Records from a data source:
#####
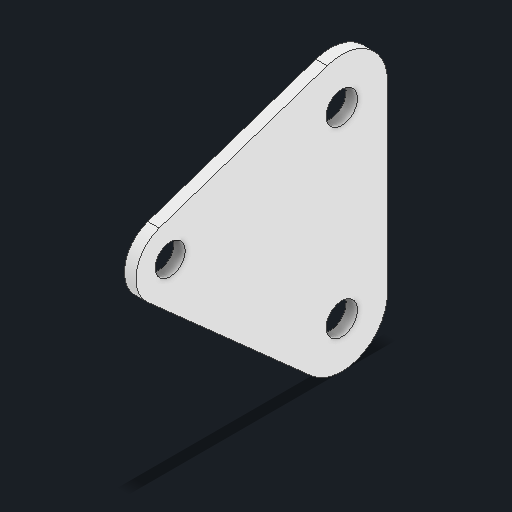
# Autodesk Inventor part: Odom Pod Gusset
Saved by Autodesk Inventor 2025.1 (Build 291241000, 241)
## iProperties
Created: 2025-01-13
Part Number: Odom Pod Gusset
Material: Acetal Resin, White
Document SubType Name: Modeling
Designer: avere
Density: 1.425 g/cm^3
Appearance: Smooth - White
Author: avere
Autodesk Inventor part; units mm, degrees
ref_plane "YZ Plane" through (0, 0, 0) normal (1, 0, 0) x (0, 1, 0)
ref_plane "XZ Plane" through (0, 0, 0) normal (0, 1, 0) x (-1, 0, 0)
ref_plane "XY Plane" through (0, 0, 0) normal (0, 0, 1) x (1, 0, 0)
sketch "Sketch1" plane through (0, 0, 0) normal (1, 0, 0) x (0, 1, 0)
  circle A0 centre (-13.9716, -13.3924) radius 2.1844
  circle A1 centre (11.4284, -13.3924) radius 2.1844
  circle A2 centre (5.0784, 10.4201) radius 2.0955
  arc A3 (11.4284, -19.7424) -> (17.4458, -11.3644) centre (11.4284, -13.3924) ccw
  arc A4 (-18.7169, -9.1728) -> (-13.9716, -19.7424) centre (-13.9716, -13.3924) ccw
  arc A5 (9.5915, 11.9411) -> (1.5194, 13.5848) centre (5.0784, 10.4201) ccw
  line L0 (17.4458, -11.3644) -> (9.5915, 11.9411)
  line L1 (1.5194, 13.5848) -> (-18.7169, -9.1728)
  line L2 (11.4284, -19.7424) -> (-13.9716, -19.7424)
  point P0 (0, 0)
  dimension "d0" = 4.191
  dimension "d1" = 12.7
  dimension "d2" = 9.525
  dimension "d3" = 12.7
  constraints: 6 centre point, 6 end point, 6 point on circle, 5 tangent, 3 coincident, 1 other
  measures "d0" diameter of A2
  measures "d1" diameter of A3
  measures "d2" diameter of A5
  measures "d3" diameter of A4
extrude "Extrusion1" add sketch "Sketch1" along normal blind 1.5875
body "Solid1"
#####
Your answer should be the exact lines above from the one with "## iProperties" through the one with "plane through (0, 0, 0)", both included, and nothing besides.

## iProperties
Created: 2025-01-13
Part Number: Odom Pod Gusset
Material: Acetal Resin, White
Document SubType Name: Modeling
Designer: avere
Density: 1.425 g/cm^3
Appearance: Smooth - White
Author: avere
Autodesk Inventor part; units mm, degrees
ref_plane "YZ Plane" through (0, 0, 0) normal (1, 0, 0) x (0, 1, 0)
ref_plane "XZ Plane" through (0, 0, 0) normal (0, 1, 0) x (-1, 0, 0)
ref_plane "XY Plane" through (0, 0, 0) normal (0, 0, 1) x (1, 0, 0)
sketch "Sketch1" plane through (0, 0, 0) normal (1, 0, 0) x (0, 1, 0)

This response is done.